Assuming an 80-20 split was used, the seed 123456 yields an optimal model with parameters
Best hyperparameters:
num_trees: 7
max_depth: 4
min_samples_split: 1
num_features: 3
Since the data set is trivially small, the model scores 100% in terms of testing accuracy. A more veteran user can quickly tinker with the datasets to learn that the model is not so precise in practice.
- Add support for continuous features with better splitting criteria (e.g. regression).
- Add visualization for decision trees.
- Further develop the gradient-boosting classifier.
MIT License
Copyright (c) 2025 Christopher Dare
Permission is hereby granted, free of charge, to any person obtaining a copy of this software and associated documentation files (the "Software"), to deal in the Software without restriction, including without limitation the rights to use, copy, modify, merge, publish, distribute, sublicense, and/or sell copies of the Software, and to permit persons to whom the Software is furnished to do so, subject to the following conditions:
The above copyright notice and this permission notice shall be included in all copies or substantial portions of the Software.

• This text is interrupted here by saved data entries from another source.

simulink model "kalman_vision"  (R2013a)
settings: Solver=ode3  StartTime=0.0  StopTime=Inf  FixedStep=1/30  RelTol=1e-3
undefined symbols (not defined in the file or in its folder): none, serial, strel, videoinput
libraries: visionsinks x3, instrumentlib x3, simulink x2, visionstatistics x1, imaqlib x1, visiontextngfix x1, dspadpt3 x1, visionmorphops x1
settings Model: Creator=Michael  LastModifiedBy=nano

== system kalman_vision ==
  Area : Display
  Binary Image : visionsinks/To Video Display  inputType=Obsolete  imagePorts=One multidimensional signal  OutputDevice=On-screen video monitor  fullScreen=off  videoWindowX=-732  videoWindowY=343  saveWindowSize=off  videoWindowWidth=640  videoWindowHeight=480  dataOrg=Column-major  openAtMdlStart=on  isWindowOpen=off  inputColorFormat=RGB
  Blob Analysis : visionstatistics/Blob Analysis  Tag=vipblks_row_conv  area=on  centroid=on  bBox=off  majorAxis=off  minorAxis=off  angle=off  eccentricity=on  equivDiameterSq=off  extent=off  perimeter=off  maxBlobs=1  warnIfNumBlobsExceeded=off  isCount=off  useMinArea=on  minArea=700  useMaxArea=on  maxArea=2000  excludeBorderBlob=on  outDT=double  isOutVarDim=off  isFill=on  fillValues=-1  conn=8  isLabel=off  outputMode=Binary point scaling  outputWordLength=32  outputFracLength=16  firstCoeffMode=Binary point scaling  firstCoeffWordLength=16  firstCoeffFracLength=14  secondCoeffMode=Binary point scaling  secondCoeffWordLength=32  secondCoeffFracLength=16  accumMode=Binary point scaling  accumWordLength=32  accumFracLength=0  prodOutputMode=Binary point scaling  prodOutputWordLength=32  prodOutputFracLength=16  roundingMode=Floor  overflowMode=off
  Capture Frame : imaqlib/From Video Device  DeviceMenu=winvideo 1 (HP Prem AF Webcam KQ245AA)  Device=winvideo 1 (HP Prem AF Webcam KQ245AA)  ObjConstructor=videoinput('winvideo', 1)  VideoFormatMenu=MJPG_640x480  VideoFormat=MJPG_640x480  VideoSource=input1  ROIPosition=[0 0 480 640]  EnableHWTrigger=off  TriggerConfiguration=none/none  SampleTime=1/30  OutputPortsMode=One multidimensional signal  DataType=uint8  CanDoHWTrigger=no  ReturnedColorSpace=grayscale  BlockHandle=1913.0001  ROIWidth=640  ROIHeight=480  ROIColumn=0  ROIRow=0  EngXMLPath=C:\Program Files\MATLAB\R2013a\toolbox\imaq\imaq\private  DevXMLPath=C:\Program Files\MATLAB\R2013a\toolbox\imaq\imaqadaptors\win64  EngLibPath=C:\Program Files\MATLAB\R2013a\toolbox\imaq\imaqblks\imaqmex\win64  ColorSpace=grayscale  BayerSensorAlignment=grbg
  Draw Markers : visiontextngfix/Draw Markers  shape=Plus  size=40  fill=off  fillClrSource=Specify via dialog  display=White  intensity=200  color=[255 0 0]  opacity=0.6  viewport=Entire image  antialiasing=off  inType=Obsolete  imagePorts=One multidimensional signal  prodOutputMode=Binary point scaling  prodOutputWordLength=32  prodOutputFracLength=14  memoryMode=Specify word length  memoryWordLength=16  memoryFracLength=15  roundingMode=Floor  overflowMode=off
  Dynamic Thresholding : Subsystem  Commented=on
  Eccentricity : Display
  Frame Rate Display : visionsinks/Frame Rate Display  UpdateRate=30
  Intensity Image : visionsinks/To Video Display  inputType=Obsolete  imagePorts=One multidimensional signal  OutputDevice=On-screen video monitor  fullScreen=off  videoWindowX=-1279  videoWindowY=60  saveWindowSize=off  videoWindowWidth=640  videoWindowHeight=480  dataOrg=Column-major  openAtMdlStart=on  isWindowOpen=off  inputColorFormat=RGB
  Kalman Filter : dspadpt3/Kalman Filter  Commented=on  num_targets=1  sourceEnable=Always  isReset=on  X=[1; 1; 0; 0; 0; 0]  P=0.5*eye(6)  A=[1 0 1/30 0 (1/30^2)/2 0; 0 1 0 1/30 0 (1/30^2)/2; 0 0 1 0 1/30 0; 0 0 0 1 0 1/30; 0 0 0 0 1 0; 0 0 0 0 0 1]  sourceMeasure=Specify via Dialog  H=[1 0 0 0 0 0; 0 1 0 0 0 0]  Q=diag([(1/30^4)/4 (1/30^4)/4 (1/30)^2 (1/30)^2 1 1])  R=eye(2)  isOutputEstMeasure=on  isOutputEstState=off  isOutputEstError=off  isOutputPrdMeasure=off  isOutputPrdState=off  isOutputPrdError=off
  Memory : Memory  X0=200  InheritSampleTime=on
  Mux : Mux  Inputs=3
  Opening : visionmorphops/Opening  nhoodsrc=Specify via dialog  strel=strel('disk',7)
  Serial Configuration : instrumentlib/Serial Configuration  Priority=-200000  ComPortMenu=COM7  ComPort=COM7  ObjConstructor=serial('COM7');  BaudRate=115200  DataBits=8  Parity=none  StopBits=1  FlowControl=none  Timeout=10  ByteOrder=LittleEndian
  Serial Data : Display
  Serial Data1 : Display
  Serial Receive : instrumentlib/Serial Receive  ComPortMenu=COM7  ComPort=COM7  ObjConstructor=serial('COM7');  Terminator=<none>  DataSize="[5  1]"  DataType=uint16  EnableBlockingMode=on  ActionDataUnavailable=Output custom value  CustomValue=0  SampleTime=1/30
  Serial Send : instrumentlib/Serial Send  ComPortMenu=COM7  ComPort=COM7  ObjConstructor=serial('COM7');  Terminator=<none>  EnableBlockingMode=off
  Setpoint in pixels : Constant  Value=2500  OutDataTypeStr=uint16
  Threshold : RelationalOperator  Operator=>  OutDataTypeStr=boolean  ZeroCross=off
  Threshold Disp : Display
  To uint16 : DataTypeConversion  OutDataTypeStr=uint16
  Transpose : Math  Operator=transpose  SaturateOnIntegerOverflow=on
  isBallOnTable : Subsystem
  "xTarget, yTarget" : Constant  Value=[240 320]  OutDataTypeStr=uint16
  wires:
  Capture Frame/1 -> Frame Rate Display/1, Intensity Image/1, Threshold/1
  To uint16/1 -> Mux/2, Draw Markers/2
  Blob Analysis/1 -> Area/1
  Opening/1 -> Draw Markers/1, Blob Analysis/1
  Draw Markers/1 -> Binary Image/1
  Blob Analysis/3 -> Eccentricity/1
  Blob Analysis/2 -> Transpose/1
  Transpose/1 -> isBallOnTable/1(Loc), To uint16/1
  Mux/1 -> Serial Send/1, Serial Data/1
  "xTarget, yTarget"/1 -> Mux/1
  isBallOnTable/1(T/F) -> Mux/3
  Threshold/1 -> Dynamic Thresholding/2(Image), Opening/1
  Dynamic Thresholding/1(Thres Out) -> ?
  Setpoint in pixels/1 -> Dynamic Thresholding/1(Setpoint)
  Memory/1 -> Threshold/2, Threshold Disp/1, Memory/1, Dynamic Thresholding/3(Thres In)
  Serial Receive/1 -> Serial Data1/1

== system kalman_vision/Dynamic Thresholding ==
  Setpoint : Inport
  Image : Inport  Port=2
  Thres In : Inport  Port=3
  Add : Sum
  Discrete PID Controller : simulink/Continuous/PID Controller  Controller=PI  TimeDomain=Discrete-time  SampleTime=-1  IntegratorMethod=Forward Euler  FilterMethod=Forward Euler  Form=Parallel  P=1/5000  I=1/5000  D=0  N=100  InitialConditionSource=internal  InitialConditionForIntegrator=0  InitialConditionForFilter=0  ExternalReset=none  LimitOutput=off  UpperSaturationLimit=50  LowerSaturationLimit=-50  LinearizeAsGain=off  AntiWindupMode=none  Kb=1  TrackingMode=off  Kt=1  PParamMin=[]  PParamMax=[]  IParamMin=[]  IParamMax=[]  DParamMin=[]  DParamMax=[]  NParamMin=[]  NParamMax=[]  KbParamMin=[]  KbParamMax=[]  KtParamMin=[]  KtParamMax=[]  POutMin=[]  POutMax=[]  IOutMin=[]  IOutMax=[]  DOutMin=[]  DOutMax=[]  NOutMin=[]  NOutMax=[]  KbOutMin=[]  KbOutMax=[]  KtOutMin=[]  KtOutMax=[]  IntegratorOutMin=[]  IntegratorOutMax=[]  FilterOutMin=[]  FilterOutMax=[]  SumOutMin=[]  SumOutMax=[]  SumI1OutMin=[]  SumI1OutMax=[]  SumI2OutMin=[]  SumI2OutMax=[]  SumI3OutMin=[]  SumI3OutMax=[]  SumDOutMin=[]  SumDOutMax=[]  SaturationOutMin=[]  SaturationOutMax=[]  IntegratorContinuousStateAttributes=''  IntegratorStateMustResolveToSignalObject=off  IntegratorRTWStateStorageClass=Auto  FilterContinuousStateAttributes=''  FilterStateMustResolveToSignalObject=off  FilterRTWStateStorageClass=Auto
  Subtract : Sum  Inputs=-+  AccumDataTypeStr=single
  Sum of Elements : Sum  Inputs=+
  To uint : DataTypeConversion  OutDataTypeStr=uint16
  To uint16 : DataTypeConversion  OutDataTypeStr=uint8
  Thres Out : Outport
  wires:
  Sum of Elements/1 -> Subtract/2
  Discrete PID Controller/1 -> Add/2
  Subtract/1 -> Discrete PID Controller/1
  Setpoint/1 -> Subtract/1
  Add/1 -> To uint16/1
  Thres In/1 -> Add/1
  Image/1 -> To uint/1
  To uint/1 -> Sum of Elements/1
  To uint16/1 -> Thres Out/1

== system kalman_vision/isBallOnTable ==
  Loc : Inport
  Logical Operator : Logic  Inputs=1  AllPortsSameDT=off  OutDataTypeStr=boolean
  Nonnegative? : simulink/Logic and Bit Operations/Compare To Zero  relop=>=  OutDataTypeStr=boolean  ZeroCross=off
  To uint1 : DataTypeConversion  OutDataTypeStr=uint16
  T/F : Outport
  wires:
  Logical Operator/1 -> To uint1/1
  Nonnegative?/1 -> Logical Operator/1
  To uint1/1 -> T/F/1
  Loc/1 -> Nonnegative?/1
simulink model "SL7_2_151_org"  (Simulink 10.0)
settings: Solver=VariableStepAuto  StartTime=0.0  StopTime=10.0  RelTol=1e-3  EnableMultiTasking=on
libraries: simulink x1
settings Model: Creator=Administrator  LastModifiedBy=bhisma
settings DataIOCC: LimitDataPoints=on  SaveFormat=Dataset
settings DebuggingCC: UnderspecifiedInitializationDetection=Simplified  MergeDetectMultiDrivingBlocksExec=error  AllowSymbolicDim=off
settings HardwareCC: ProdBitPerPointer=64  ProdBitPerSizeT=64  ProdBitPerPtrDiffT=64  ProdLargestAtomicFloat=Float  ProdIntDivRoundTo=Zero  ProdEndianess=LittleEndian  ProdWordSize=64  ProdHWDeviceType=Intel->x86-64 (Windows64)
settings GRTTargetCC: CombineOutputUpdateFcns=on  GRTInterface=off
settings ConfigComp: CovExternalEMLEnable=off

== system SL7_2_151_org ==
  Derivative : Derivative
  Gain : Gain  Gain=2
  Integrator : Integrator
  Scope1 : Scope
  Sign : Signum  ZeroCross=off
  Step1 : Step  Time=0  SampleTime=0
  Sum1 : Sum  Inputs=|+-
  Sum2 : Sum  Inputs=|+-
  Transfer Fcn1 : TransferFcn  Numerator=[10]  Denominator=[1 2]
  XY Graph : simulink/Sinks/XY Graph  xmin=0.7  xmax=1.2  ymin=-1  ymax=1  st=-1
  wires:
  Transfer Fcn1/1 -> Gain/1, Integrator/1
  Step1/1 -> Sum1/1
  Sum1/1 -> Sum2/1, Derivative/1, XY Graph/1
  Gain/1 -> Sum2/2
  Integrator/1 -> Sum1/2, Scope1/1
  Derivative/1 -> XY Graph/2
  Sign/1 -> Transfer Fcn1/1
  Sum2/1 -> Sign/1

THE SOFTWARE IS PROVIDED "AS IS", WITHOUT WARRANTY OF ANY KIND, EXPRESS OR IMPLIED, INCLUDING BUT NOT LIMITED TO THE WARRANTIES OF MERCHANTABILITY, FITNESS FOR A PARTICULAR PURPOSE AND NONINFRINGEMENT. IN NO EVENT SHALL THE AUTHORS OR COPYRIGHT HOLDERS BE LIABLE FOR ANY CLAIM, DAMAGES OR OTHER LIABILITY, WHETHER IN AN ACTION OF CONTRACT, TORT OR OTHERWISE, ARISING FROM, OUT OF OR IN CONNECTION WITH THE SOFTWARE OR THE USE OR OTHER DEALINGS IN THE SOFTWARE.